▸ WHAT YOU HAVE TO DO
Begin at the line containing "EV3 : rpi_blkst/EV3" in the entries below and end at the line containing "In1/1 -> EV3/4"; transcribe that range exactly and nothing outside it.

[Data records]
★ ★ ★ ★ ★
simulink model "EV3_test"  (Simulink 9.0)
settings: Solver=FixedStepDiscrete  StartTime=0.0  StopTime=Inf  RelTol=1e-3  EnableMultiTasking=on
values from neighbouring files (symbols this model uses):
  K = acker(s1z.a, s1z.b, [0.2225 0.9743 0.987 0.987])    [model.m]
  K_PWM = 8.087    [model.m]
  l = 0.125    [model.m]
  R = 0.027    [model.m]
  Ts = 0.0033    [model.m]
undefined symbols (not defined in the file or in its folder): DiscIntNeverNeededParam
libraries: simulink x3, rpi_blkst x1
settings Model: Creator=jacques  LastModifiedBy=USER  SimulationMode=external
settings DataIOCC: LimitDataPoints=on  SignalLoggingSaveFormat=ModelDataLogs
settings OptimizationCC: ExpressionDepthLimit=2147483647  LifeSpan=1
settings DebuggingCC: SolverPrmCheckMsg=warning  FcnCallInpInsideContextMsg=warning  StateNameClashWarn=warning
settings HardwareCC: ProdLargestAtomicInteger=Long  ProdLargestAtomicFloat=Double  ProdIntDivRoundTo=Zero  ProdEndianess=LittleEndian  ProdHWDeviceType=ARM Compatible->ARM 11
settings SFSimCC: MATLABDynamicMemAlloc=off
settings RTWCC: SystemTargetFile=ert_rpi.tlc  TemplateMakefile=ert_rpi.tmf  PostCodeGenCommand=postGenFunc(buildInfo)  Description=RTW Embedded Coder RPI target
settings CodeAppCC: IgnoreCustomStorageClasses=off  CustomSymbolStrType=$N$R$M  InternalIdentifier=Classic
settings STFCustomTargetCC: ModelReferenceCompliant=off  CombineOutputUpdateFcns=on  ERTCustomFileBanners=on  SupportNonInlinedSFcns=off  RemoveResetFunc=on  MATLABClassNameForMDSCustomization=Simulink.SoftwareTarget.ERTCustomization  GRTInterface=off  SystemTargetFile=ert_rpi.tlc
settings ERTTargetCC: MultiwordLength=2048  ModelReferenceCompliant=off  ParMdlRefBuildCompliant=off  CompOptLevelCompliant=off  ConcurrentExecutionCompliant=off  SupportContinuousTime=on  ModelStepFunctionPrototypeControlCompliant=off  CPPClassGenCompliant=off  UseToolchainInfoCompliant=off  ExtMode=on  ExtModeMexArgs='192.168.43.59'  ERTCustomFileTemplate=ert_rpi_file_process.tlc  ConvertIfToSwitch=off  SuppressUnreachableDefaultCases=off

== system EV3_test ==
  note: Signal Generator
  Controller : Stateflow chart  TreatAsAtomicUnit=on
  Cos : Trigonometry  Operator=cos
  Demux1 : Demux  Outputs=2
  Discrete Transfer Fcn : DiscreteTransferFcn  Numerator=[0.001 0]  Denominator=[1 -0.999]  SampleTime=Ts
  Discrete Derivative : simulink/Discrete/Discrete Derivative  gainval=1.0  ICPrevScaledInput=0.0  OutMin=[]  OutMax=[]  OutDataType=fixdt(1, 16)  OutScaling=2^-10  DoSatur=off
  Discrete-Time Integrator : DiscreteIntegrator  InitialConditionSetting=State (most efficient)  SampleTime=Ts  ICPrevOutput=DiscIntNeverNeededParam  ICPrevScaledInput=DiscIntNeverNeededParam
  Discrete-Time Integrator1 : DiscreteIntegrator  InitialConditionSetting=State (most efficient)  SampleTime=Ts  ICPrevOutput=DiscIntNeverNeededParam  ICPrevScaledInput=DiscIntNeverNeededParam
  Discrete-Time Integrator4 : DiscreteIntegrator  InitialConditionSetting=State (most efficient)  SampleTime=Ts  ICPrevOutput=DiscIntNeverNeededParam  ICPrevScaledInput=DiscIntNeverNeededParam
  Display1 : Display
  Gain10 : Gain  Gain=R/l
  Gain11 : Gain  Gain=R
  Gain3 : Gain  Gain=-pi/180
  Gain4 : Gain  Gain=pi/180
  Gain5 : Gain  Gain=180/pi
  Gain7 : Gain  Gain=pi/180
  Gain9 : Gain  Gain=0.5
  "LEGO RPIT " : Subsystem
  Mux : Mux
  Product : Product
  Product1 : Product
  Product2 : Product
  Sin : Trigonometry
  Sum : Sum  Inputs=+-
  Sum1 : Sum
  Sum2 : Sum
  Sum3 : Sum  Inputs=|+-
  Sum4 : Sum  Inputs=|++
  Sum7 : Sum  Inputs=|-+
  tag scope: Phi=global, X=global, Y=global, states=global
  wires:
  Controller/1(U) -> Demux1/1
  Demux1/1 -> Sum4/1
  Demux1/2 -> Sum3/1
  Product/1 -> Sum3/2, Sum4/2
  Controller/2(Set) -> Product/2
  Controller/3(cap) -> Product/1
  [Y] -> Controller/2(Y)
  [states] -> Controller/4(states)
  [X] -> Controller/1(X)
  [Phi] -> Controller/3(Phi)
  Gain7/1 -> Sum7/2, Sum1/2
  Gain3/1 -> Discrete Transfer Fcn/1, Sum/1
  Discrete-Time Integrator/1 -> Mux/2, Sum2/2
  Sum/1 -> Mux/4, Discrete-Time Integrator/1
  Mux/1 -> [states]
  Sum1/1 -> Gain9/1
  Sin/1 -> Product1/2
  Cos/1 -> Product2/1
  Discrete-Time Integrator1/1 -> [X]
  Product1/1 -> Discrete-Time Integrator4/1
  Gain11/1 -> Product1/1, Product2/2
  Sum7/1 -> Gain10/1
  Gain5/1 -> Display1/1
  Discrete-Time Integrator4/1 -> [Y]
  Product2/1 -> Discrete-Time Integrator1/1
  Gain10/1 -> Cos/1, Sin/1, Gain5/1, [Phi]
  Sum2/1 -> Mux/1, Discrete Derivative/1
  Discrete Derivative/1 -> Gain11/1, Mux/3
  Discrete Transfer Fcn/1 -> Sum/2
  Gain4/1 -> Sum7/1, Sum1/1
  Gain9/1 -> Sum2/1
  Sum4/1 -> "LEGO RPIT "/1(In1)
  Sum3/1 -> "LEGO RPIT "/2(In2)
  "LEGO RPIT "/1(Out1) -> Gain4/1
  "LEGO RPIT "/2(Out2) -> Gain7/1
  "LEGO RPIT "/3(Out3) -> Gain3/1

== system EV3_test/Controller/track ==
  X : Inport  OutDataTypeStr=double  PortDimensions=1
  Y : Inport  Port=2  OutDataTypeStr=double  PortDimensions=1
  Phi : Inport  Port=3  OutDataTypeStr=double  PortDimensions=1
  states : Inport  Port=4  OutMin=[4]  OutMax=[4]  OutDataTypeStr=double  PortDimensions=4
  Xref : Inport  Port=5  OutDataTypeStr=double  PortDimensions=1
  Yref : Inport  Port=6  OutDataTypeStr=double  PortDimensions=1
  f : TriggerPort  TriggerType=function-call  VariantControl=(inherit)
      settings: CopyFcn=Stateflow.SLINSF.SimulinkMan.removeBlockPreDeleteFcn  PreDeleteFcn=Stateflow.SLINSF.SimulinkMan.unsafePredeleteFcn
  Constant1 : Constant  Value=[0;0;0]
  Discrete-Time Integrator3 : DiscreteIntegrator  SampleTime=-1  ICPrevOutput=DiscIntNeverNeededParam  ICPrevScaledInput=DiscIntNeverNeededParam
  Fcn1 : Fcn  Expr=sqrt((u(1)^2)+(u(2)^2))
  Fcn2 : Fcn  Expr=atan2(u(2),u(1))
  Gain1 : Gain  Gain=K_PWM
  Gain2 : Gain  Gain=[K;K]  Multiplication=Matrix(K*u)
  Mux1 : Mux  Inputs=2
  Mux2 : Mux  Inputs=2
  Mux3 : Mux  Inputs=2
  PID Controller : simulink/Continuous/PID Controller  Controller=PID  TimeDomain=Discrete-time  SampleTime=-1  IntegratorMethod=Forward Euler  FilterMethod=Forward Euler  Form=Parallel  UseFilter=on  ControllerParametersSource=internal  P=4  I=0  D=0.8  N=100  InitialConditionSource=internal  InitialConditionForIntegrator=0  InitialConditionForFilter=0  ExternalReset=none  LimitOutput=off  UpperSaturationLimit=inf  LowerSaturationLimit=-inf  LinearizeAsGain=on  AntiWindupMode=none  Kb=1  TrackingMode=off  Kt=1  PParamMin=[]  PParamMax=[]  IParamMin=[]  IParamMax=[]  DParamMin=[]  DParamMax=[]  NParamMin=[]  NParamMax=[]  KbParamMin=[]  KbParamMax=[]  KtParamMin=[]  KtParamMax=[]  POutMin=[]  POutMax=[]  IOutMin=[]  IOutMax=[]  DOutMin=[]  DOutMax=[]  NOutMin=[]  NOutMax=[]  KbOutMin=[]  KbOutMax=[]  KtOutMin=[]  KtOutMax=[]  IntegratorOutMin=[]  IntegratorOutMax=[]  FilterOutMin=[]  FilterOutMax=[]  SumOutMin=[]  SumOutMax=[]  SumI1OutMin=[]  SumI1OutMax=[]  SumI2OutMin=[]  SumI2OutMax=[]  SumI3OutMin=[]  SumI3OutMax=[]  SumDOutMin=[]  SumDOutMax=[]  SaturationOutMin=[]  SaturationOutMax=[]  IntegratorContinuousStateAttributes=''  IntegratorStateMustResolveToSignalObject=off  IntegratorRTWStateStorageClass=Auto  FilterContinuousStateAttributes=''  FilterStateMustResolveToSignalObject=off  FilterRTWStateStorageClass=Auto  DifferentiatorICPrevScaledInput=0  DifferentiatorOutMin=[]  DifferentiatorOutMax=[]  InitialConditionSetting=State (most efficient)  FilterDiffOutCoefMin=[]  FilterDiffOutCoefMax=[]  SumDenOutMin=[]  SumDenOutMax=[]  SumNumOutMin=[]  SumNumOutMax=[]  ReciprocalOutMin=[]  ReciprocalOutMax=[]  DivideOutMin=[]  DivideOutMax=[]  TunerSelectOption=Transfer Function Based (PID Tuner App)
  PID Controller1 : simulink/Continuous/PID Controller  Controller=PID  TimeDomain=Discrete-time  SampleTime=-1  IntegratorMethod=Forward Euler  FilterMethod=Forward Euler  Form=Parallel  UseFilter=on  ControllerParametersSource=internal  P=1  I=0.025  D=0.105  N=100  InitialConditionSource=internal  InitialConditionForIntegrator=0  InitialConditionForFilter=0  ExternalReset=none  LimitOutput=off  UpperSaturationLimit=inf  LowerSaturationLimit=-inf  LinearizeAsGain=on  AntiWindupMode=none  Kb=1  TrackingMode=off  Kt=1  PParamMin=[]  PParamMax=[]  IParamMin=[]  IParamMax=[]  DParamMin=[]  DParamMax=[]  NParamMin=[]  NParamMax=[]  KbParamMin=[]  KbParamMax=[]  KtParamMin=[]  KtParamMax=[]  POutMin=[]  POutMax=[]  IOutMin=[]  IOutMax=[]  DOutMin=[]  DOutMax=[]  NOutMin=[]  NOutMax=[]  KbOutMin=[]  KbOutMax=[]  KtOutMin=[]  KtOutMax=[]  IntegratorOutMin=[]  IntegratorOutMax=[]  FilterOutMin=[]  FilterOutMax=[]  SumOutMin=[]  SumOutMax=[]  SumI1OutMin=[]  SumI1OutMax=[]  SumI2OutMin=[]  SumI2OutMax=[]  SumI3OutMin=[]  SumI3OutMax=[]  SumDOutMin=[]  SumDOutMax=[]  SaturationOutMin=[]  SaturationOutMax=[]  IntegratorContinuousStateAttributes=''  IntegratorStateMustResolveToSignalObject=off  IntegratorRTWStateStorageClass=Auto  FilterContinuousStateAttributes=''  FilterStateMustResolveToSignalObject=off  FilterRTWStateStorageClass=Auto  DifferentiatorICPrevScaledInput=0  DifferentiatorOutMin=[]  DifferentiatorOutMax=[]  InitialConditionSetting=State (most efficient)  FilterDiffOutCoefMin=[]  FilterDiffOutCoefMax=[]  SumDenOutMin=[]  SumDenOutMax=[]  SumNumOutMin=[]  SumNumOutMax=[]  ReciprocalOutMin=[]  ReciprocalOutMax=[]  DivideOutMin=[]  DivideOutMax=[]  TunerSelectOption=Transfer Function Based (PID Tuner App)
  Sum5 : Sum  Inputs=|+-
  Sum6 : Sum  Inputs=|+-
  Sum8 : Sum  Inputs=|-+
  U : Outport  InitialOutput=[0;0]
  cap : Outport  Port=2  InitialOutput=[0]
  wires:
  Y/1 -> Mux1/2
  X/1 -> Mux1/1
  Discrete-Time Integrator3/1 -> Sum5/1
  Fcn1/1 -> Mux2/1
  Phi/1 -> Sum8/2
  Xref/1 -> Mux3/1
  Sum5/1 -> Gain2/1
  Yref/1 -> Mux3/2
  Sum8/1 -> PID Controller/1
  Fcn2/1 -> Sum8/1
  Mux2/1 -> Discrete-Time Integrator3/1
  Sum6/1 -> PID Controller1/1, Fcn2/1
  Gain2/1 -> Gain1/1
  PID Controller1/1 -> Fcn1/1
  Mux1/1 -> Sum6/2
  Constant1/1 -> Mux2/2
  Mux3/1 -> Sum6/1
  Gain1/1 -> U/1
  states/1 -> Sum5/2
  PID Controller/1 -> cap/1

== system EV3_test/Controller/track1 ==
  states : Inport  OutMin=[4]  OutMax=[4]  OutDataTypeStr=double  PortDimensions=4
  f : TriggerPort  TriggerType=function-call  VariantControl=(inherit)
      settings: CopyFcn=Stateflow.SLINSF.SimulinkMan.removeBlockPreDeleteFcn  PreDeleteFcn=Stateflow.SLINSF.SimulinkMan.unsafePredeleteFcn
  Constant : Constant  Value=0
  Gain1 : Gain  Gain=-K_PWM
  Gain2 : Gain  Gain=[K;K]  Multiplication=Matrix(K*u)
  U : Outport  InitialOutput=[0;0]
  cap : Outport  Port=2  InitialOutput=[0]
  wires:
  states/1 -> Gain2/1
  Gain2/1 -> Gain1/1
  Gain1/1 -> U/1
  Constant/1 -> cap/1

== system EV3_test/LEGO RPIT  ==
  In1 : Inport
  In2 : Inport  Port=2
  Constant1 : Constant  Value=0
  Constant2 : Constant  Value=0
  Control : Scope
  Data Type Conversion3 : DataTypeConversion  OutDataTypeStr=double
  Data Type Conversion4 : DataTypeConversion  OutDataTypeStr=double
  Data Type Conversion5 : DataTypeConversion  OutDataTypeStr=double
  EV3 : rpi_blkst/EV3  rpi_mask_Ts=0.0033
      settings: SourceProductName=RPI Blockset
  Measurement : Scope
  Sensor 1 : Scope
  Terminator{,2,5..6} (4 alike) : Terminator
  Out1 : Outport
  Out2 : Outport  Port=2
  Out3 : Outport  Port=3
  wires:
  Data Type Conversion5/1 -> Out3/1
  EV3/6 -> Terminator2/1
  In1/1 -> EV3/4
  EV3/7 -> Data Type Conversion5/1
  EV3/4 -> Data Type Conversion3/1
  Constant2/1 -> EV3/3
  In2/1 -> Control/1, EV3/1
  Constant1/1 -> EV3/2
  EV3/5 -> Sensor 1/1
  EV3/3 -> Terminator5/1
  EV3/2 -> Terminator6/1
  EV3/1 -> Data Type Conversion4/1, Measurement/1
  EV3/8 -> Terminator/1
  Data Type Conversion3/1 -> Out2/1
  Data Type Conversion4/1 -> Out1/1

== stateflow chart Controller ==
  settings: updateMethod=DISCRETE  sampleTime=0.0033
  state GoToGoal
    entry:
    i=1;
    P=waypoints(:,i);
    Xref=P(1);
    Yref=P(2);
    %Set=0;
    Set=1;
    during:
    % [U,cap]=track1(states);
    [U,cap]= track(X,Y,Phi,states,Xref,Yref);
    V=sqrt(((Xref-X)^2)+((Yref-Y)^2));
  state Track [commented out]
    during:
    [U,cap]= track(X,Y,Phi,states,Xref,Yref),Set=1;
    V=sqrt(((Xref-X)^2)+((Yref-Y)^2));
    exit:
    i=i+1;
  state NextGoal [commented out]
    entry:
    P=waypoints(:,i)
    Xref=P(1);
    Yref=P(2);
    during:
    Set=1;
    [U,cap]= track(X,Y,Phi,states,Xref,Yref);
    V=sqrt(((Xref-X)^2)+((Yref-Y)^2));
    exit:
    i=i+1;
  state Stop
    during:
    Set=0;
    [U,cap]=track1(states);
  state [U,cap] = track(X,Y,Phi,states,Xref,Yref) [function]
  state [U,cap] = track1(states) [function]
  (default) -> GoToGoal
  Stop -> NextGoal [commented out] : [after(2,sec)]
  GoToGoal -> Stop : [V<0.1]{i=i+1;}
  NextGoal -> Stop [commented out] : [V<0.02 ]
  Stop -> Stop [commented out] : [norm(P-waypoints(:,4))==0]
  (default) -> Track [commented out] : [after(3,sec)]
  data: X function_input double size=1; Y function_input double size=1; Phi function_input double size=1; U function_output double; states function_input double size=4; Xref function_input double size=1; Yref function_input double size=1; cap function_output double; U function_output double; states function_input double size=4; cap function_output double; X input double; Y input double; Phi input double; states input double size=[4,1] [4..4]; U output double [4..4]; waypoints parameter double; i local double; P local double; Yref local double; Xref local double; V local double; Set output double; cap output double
★ ★ ★ ★ ★
▸ REPLY TO THE EXERCISE
  EV3 : rpi_blkst/EV3  rpi_mask_Ts=0.0033
      settings: SourceProductName=RPI Blockset
  Measurement : Scope
  Sensor 1 : Scope
  Terminator{,2,5..6} (4 alike) : Terminator
  Out1 : Outport
  Out2 : Outport  Port=2
  Out3 : Outport  Port=3
  wires:
  Data Type Conversion5/1 -> Out3/1
  EV3/6 -> Terminator2/1
  In1/1 -> EV3/4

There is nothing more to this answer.